What you will do
Only one stretch of the data below should be repeated: the lines from the line containing "#134=ORIENTED_EDGE('',*,*,#133,.F.);" through the line containing "#156=ORIENTED_EDGE('',*,*,#116,.T.);", inclusive, exactly as they are.

Data
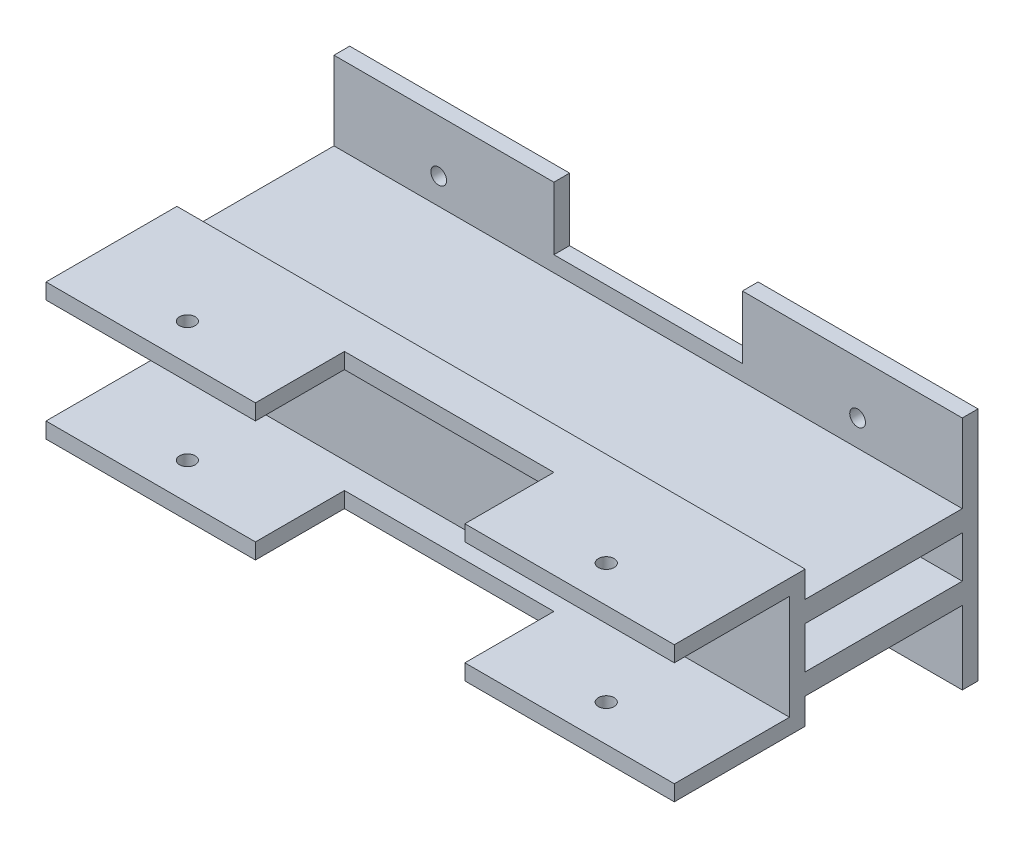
ISO-10303-21;
HEADER;
FILE_DESCRIPTION(('STEP AP214'),'2;1');
FILE_NAME('part.step','',(''),(''),'','','');
FILE_SCHEMA(('AUTOMOTIVE_DESIGN { 1 0 10303 214 1 1 1 1 }'));
ENDSEC;
DATA;
#1=APPLICATION_CONTEXT('core data for automotive mechanical design processes');
#2=APPLICATION_PROTOCOL_DEFINITION('international standard','automotive_design',2000,#1);
#3=PRODUCT_CONTEXT('',#1,'mechanical');
#4=PRODUCT('Part','Part','',(#3));
#5=PRODUCT_RELATED_PRODUCT_CATEGORY('part','',(#4));
#6=PRODUCT_DEFINITION_FORMATION('','',#4);
#7=PRODUCT_DEFINITION_CONTEXT('part definition',#1,'design');
#8=PRODUCT_DEFINITION('design','',#6,#7);
#9=PRODUCT_DEFINITION_SHAPE('','',#8);
#10=(LENGTH_UNIT() NAMED_UNIT(*) SI_UNIT(.MILLI.,.METRE.));
#11=(NAMED_UNIT(*) PLANE_ANGLE_UNIT() SI_UNIT($,.RADIAN.));
#12=(NAMED_UNIT(*) SI_UNIT($,.STERADIAN.) SOLID_ANGLE_UNIT());
#13=UNCERTAINTY_MEASURE_WITH_UNIT(LENGTH_MEASURE(1.E-05),#10,'distance_accuracy_value','');
#14=(GEOMETRIC_REPRESENTATION_CONTEXT(3) GLOBAL_UNCERTAINTY_ASSIGNED_CONTEXT((#13)) GLOBAL_UNIT_ASSIGNED_CONTEXT((#10,
#11,#12)) REPRESENTATION_CONTEXT('',''));
#15=CARTESIAN_POINT('',(0.,0.,0.));
#16=DIRECTION('',(0.,0.,1.));
#17=DIRECTION('',(1.,0.,0.));
#18=AXIS2_PLACEMENT_3D('',#15,#16,#17);
#19=CARTESIAN_POINT('',(-100.,3.,-12.5));
#20=DIRECTION('',(0.,0.,1.));
#21=DIRECTION('',(1.,0.,0.));
#22=AXIS2_PLACEMENT_3D('',#19,#20,#21);
#23=PLANE('',#22);
#24=DIRECTION('',(0.,1.,0.));
#25=VECTOR('',#24,1.);
#26=CARTESIAN_POINT('',(20.,3.,-12.5));
#27=LINE('',#26,#25);
#28=CARTESIAN_POINT('',(20.,-14.,-12.5));
#29=VERTEX_POINT('',#28);
#30=CARTESIAN_POINT('',(20.,-6.,-12.5));
#31=VERTEX_POINT('',#30);
#32=EDGE_CURVE('E656',#29,#31,#27,.T.);
#33=ORIENTED_EDGE('',*,*,#32,.F.);
#34=DIRECTION('',(1.,0.,0.));
#35=VECTOR('',#34,1.);
#36=CARTESIAN_POINT('',(100.,-14.,-12.5));
#37=LINE('',#36,#35);
#38=CARTESIAN_POINT('',(-100.,-14.,-12.5));
#39=VERTEX_POINT('',#38);
#40=EDGE_CURVE('E321',#39,#29,#37,.T.);
#41=ORIENTED_EDGE('',*,*,#40,.F.);
#42=DIRECTION('',(0.,-1.,0.));
#43=VECTOR('',#42,1.);
#44=CARTESIAN_POINT('',(-100.,3.,-12.5));
#45=LINE('',#44,#43);
#46=CARTESIAN_POINT('',(-100.,-6.,-12.5));
#47=VERTEX_POINT('',#46);
#48=EDGE_CURVE('E415',#47,#39,#45,.T.);
#49=ORIENTED_EDGE('',*,*,#48,.F.);
#50=DIRECTION('',(-1.,0.,0.));
#51=VECTOR('',#50,1.);
#52=CARTESIAN_POINT('',(100.,-6.,-12.5));
#53=LINE('',#52,#51);
#54=EDGE_CURVE('E333',#31,#47,#53,.T.);
#55=ORIENTED_EDGE('',*,*,#54,.F.);
#56=EDGE_LOOP('',(#33,#41,#49,#55));
#57=FACE_BOUND('',#56,.T.);
#58=ADVANCED_FACE('F41',(#57),#23,.F.);
#59=DIRECTION('',(0.,1.,0.));
#60=VECTOR('',#59,1.);
#61=CARTESIAN_POINT('',(20.,3.,-12.5));
#62=LINE('',#61,#60);
#63=CARTESIAN_POINT('',(20.,-23.,-12.5));
#64=VERTEX_POINT('',#63);
#65=CARTESIAN_POINT('',(20.,-18.,-12.5));
#66=VERTEX_POINT('',#65);
#67=EDGE_CURVE('E677',#64,#66,#62,.T.);
#68=ORIENTED_EDGE('',*,*,#67,.F.);
#69=DIRECTION('',(1.,0.,0.));
#70=VECTOR('',#69,1.);
#71=CARTESIAN_POINT('',(-100.,-23.,-12.5));
#72=LINE('',#71,#70);
#73=CARTESIAN_POINT('',(-100.,-23.,-12.5));
#74=VERTEX_POINT('',#73);
#75=EDGE_CURVE('E372',#74,#64,#72,.T.);
#76=ORIENTED_EDGE('',*,*,#75,.F.);
#77=CARTESIAN_POINT('',(-100.,-18.,-12.5));
#78=VERTEX_POINT('',#77);
#79=EDGE_CURVE('E410',#78,#74,#45,.T.);
#80=ORIENTED_EDGE('',*,*,#79,.F.);
#81=DIRECTION('',(-1.,0.,0.));
#82=VECTOR('',#81,1.);
#83=CARTESIAN_POINT('',(100.,-18.,-12.5));
#84=LINE('',#83,#82);
#85=EDGE_CURVE('E319',#66,#78,#84,.T.);
#86=ORIENTED_EDGE('',*,*,#85,.F.);
#87=EDGE_LOOP('',(#68,#76,#80,#86));
#88=FACE_BOUND('',#87,.T.);
#89=ADVANCED_FACE('F598',(#88),#23,.F.);
#90=DIRECTION('',(0.,1.,0.));
#91=VECTOR('',#90,1.);
#92=CARTESIAN_POINT('',(20.,3.,-12.5));
#93=LINE('',#92,#91);
#94=CARTESIAN_POINT('',(20.,-2.,-12.5));
#95=VERTEX_POINT('',#94);
#96=CARTESIAN_POINT('',(20.,3.,-12.5));
#97=VERTEX_POINT('',#96);
#98=EDGE_CURVE('E619',#95,#97,#93,.T.);
#99=ORIENTED_EDGE('',*,*,#98,.F.);
#100=DIRECTION('',(1.,0.,0.));
#101=VECTOR('',#100,1.);
#102=CARTESIAN_POINT('',(100.,-2.,-12.5));
#103=LINE('',#102,#101);
#104=CARTESIAN_POINT('',(-100.,-2.,-12.5));
#105=VERTEX_POINT('',#104);
#106=EDGE_CURVE('E325',#105,#95,#103,.T.);
#107=ORIENTED_EDGE('',*,*,#106,.F.);
#108=CARTESIAN_POINT('',(-100.,3.,-12.5));
#109=VERTEX_POINT('',#108);
#110=EDGE_CURVE('E411',#109,#105,#45,.T.);
#111=ORIENTED_EDGE('',*,*,#110,.F.);
#112=DIRECTION('',(-1.,0.,0.));
#113=VECTOR('',#112,1.);
#114=CARTESIAN_POINT('',(-100.,3.,-12.5));
#115=LINE('',#114,#113);
#116=EDGE_CURVE('E394',#97,#109,#115,.T.);
#117=ORIENTED_EDGE('',*,*,#116,.F.);
#118=EDGE_LOOP('',(#99,#107,#111,#117));
#119=FACE_BOUND('',#118,.T.);
#120=ADVANCED_FACE('F600',(#119),#23,.F.);
#121=CARTESIAN_POINT('',(0.,3.,0.));
#122=DIRECTION('',(0.,-1.,0.));
#123=DIRECTION('',(0.,0.,-1.));
#124=AXIS2_PLACEMENT_3D('',#121,#122,#123);
#125=PLANE('',#124);
#126=CARTESIAN_POINT('',(0.,3.,5.5));
#127=DIRECTION('',(0.,1.,0.));
#128=DIRECTION('',(0.,0.,1.));
#129=AXIS2_PLACEMENT_3D('',#126,#127,#128);
#130=CIRCLE('',#129,1.5);
#131=CARTESIAN_POINT('',(0.,3.,7.));
#132=VERTEX_POINT('',#131);
#133=EDGE_CURVE('E349',#132,#132,#130,.T.);
#134=ORIENTED_EDGE('',*,*,#133,.F.);
#135=EDGE_LOOP('',(#134));
#136=FACE_BOUND('',#135,.T.);
#137=CARTESIAN_POINT('',(-80.,3.,5.5));
#138=DIRECTION('',(0.,1.,0.));
#139=DIRECTION('',(0.,0.,1.));
#140=AXIS2_PLACEMENT_3D('',#137,#138,#139);
#141=CIRCLE('',#140,1.5);
#142=CARTESIAN_POINT('',(-80.,3.,7.));
#143=VERTEX_POINT('',#142);
#144=EDGE_CURVE('E345',#143,#143,#141,.T.);
#145=ORIENTED_EDGE('',*,*,#144,.F.);
#146=EDGE_LOOP('',(#145));
#147=FACE_BOUND('',#146,.T.);
#148=DIRECTION('',(0.,0.,1.));
#149=VECTOR('',#148,1.);
#150=CARTESIAN_POINT('',(20.,3.,-4.5));
#151=LINE('',#150,#149);
#152=CARTESIAN_POINT('',(20.,3.,12.5));
#153=VERTEX_POINT('',#152);
#154=EDGE_CURVE('E514',#97,#153,#151,.T.);
#155=ORIENTED_EDGE('',*,*,#154,.F.);
#156=ORIENTED_EDGE('',*,*,#116,.T.);
#157=DIRECTION('',(0.,0.,1.));
#158=VECTOR('',#157,1.);
#159=CARTESIAN_POINT('',(-100.,3.,12.5));
#160=LINE('',#159,#158);
#161=CARTESIAN_POINT('',(-100.,3.,12.5));
#162=VERTEX_POINT('',#161);
#163=EDGE_CURVE('E396',#109,#162,#160,.T.);
#164=ORIENTED_EDGE('',*,*,#163,.T.);
#165=DIRECTION('',(1.,0.,0.));
#166=VECTOR('',#165,1.);
#167=CARTESIAN_POINT('',(-100.,3.,12.5));
#168=LINE('',#167,#166);
#169=CARTESIAN_POINT('',(-60.,3.,12.5));
#170=VERTEX_POINT('',#169);
#171=EDGE_CURVE('E400',#162,#170,#168,.T.);
#172=ORIENTED_EDGE('',*,*,#171,.T.);
#173=DIRECTION('',(0.,0.,1.));
#174=VECTOR('',#173,1.);
#175=CARTESIAN_POINT('',(-60.,3.,-4.5));
#176=LINE('',#175,#174);
#177=CARTESIAN_POINT('',(-60.,3.,-4.5));
#178=VERTEX_POINT('',#177);
#179=EDGE_CURVE('E505',#178,#170,#176,.T.);
#180=ORIENTED_EDGE('',*,*,#179,.F.);
#181=DIRECTION('',(-1.,0.,0.));
#182=VECTOR('',#181,1.);
#183=CARTESIAN_POINT('',(-60.,3.,-4.5));
#184=LINE('',#183,#182);
#185=CARTESIAN_POINT('',(-20.,3.,-4.5));
#186=VERTEX_POINT('',#185);
#187=EDGE_CURVE('E508',#186,#178,#184,.T.);
#188=ORIENTED_EDGE('',*,*,#187,.F.);
#189=DIRECTION('',(0.,0.,-1.));
#190=VECTOR('',#189,1.);
#191=CARTESIAN_POINT('',(-20.,3.,-4.5));
#192=LINE('',#191,#190);
#193=CARTESIAN_POINT('',(-20.,3.,12.5));
#194=VERTEX_POINT('',#193);
#195=EDGE_CURVE('E511',#194,#186,#192,.T.);
#196=ORIENTED_EDGE('',*,*,#195,.F.);
#197=EDGE_CURVE('E399',#194,#153,#168,.T.);
#198=ORIENTED_EDGE('',*,*,#197,.T.);
#199=EDGE_LOOP('',(#155,#156,#164,#172,#180,#188,#196,#198));
#200=FACE_BOUND('',#199,.T.);
#201=ADVANCED_FACE('F608',(#136,#147,#200),#125,.F.);
#202=CARTESIAN_POINT('',(0.,0.,0.));
#203=DIRECTION('',(0.,-1.,0.));
#204=DIRECTION('',(0.,0.,-1.));
#205=AXIS2_PLACEMENT_3D('',#202,#203,#204);
#206=PLANE('',#205);
#207=CARTESIAN_POINT('',(0.,0.,5.5));
#208=DIRECTION('',(0.,-1.,0.));
#209=DIRECTION('',(0.,0.,-1.));
#210=AXIS2_PLACEMENT_3D('',#207,#208,#209);
#211=CIRCLE('',#210,1.5);
#212=CARTESIAN_POINT('',(0.,0.,4.));
#213=VERTEX_POINT('',#212);
#214=EDGE_CURVE('E359',#213,#213,#211,.T.);
#215=ORIENTED_EDGE('',*,*,#214,.F.);
#216=EDGE_LOOP('',(#215));
#217=FACE_BOUND('',#216,.T.);
#218=CARTESIAN_POINT('',(-80.,0.,5.5));
#219=DIRECTION('',(0.,-1.,0.));
#220=DIRECTION('',(0.,0.,-1.));
#221=AXIS2_PLACEMENT_3D('',#218,#219,#220);
#222=CIRCLE('',#221,1.5);
#223=CARTESIAN_POINT('',(-80.,0.,4.));
#224=VERTEX_POINT('',#223);
#225=EDGE_CURVE('E365',#224,#224,#222,.T.);
#226=ORIENTED_EDGE('',*,*,#225,.F.);
#227=EDGE_LOOP('',(#226));
#228=FACE_BOUND('',#227,.T.);
#229=DIRECTION('',(-1.,0.,0.));
#230=VECTOR('',#229,1.);
#231=CARTESIAN_POINT('',(-100.,0.,-9.5));
#232=LINE('',#231,#230);
#233=CARTESIAN_POINT('',(20.,0.,-9.5));
#234=VERTEX_POINT('',#233);
#235=CARTESIAN_POINT('',(-100.,0.,-9.5));
#236=VERTEX_POINT('',#235);
#237=EDGE_CURVE('E386',#234,#236,#232,.T.);
#238=ORIENTED_EDGE('',*,*,#237,.F.);
#239=DIRECTION('',(0.,0.,-1.));
#240=VECTOR('',#239,1.);
#241=CARTESIAN_POINT('',(20.,0.,0.));
#242=LINE('',#241,#240);
#243=CARTESIAN_POINT('',(20.,0.,12.5));
#244=VERTEX_POINT('',#243);
#245=EDGE_CURVE('E547',#244,#234,#242,.T.);
#246=ORIENTED_EDGE('',*,*,#245,.F.);
#247=DIRECTION('',(1.,0.,0.));
#248=VECTOR('',#247,1.);
#249=CARTESIAN_POINT('',(-100.,0.,12.5));
#250=LINE('',#249,#248);
#251=CARTESIAN_POINT('',(-20.,0.,12.5));
#252=VERTEX_POINT('',#251);
#253=EDGE_CURVE('E405',#252,#244,#250,.T.);
#254=ORIENTED_EDGE('',*,*,#253,.F.);
#255=DIRECTION('',(0.,0.,1.));
#256=VECTOR('',#255,1.);
#257=CARTESIAN_POINT('',(-20.,0.,0.));
#258=LINE('',#257,#256);
#259=CARTESIAN_POINT('',(-20.,0.,-4.5));
#260=VERTEX_POINT('',#259);
#261=EDGE_CURVE('E562',#260,#252,#258,.T.);
#262=ORIENTED_EDGE('',*,*,#261,.F.);
#263=DIRECTION('',(1.,0.,0.));
#264=VECTOR('',#263,1.);
#265=CARTESIAN_POINT('',(0.,0.,-4.5));
#266=LINE('',#265,#264);
#267=CARTESIAN_POINT('',(-60.,0.,-4.5));
#268=VERTEX_POINT('',#267);
#269=EDGE_CURVE('E557',#268,#260,#266,.T.);
#270=ORIENTED_EDGE('',*,*,#269,.F.);
#271=DIRECTION('',(0.,0.,-1.));
#272=VECTOR('',#271,1.);
#273=CARTESIAN_POINT('',(-60.,0.,0.));
#274=LINE('',#273,#272);
#275=CARTESIAN_POINT('',(-60.,0.,12.5));
#276=VERTEX_POINT('',#275);
#277=EDGE_CURVE('E552',#276,#268,#274,.T.);
#278=ORIENTED_EDGE('',*,*,#277,.F.);
#279=CARTESIAN_POINT('',(-100.,0.,12.5));
#280=VERTEX_POINT('',#279);
#281=EDGE_CURVE('E397',#280,#276,#250,.T.);
#282=ORIENTED_EDGE('',*,*,#281,.F.);
#283=DIRECTION('',(0.,0.,1.));
#284=VECTOR('',#283,1.);
#285=CARTESIAN_POINT('',(-100.,0.,12.5));
#286=LINE('',#285,#284);
#287=EDGE_CURVE('E393',#236,#280,#286,.T.);
#288=ORIENTED_EDGE('',*,*,#287,.F.);
#289=EDGE_LOOP('',(#238,#246,#254,#262,#270,#278,#282,#288));
#290=FACE_BOUND('',#289,.T.);
#291=ADVANCED_FACE('F613',(#217,#228,#290),#206,.T.);
#292=CARTESIAN_POINT('',(-100.,-20.,-9.5));
#293=DIRECTION('',(0.,0.,-1.));
#294=DIRECTION('',(-1.,0.,0.));
#295=AXIS2_PLACEMENT_3D('',#292,#293,#294);
#296=PLANE('',#295);
#297=DIRECTION('',(0.,-1.,0.));
#298=VECTOR('',#297,1.);
#299=CARTESIAN_POINT('',(20.,-20.,-9.5));
#300=LINE('',#299,#298);
#301=CARTESIAN_POINT('',(20.,-20.,-9.5));
#302=VERTEX_POINT('',#301);
#303=EDGE_CURVE('E650',#234,#302,#300,.T.);
#304=ORIENTED_EDGE('',*,*,#303,.F.);
#305=ORIENTED_EDGE('',*,*,#237,.T.);
#306=DIRECTION('',(0.,1.,0.));
#307=VECTOR('',#306,1.);
#308=CARTESIAN_POINT('',(-100.,-20.,-9.5));
#309=LINE('',#308,#307);
#310=CARTESIAN_POINT('',(-100.,-20.,-9.5));
#311=VERTEX_POINT('',#310);
#312=EDGE_CURVE('E389',#311,#236,#309,.T.);
#313=ORIENTED_EDGE('',*,*,#312,.F.);
#314=DIRECTION('',(-1.,0.,0.));
#315=VECTOR('',#314,1.);
#316=CARTESIAN_POINT('',(-100.,-20.,-9.5));
#317=LINE('',#316,#315);
#318=EDGE_CURVE('E387',#302,#311,#317,.T.);
#319=ORIENTED_EDGE('',*,*,#318,.F.);
#320=EDGE_LOOP('',(#304,#305,#313,#319));
#321=FACE_BOUND('',#320,.T.);
#322=ADVANCED_FACE('F653',(#321),#296,.F.);
#323=CARTESIAN_POINT('',(0.,-20.,0.));
#324=DIRECTION('',(0.,-1.,0.));
#325=DIRECTION('',(0.,0.,-1.));
#326=AXIS2_PLACEMENT_3D('',#323,#324,#325);
#327=PLANE('',#326);
#328=CARTESIAN_POINT('',(0.,-20.,5.5));
#329=DIRECTION('',(0.,-1.,0.));
#330=DIRECTION('',(0.,0.,-1.));
#331=AXIS2_PLACEMENT_3D('',#328,#329,#330);
#332=CIRCLE('',#331,1.5);
#333=CARTESIAN_POINT('',(0.,-20.,4.));
#334=VERTEX_POINT('',#333);
#335=EDGE_CURVE('E352',#334,#334,#332,.T.);
#336=ORIENTED_EDGE('',*,*,#335,.T.);
#337=EDGE_LOOP('',(#336));
#338=FACE_BOUND('',#337,.T.);
#339=CARTESIAN_POINT('',(-80.,-20.,5.5));
#340=DIRECTION('',(0.,-1.,0.));
#341=DIRECTION('',(0.,0.,-1.));
#342=AXIS2_PLACEMENT_3D('',#339,#340,#341);
#343=CIRCLE('',#342,1.5);
#344=CARTESIAN_POINT('',(-80.,-20.,4.));
#345=VERTEX_POINT('',#344);
#346=EDGE_CURVE('E362',#345,#345,#343,.T.);
#347=ORIENTED_EDGE('',*,*,#346,.T.);
#348=EDGE_LOOP('',(#347));
#349=FACE_BOUND('',#348,.T.);
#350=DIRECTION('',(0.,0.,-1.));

Output for this task
#134=ORIENTED_EDGE('',*,*,#133,.F.);
#135=EDGE_LOOP('',(#134));
#136=FACE_BOUND('',#135,.T.);
#137=CARTESIAN_POINT('',(-80.,3.,5.5));
#138=DIRECTION('',(0.,1.,0.));
#139=DIRECTION('',(0.,0.,1.));
#140=AXIS2_PLACEMENT_3D('',#137,#138,#139);
#141=CIRCLE('',#140,1.5);
#142=CARTESIAN_POINT('',(-80.,3.,7.));
#143=VERTEX_POINT('',#142);
#144=EDGE_CURVE('E345',#143,#143,#141,.T.);
#145=ORIENTED_EDGE('',*,*,#144,.F.);
#146=EDGE_LOOP('',(#145));
#147=FACE_BOUND('',#146,.T.);
#148=DIRECTION('',(0.,0.,1.));
#149=VECTOR('',#148,1.);
#150=CARTESIAN_POINT('',(20.,3.,-4.5));
#151=LINE('',#150,#149);
#152=CARTESIAN_POINT('',(20.,3.,12.5));
#153=VERTEX_POINT('',#152);
#154=EDGE_CURVE('E514',#97,#153,#151,.T.);
#155=ORIENTED_EDGE('',*,*,#154,.F.);
#156=ORIENTED_EDGE('',*,*,#116,.T.);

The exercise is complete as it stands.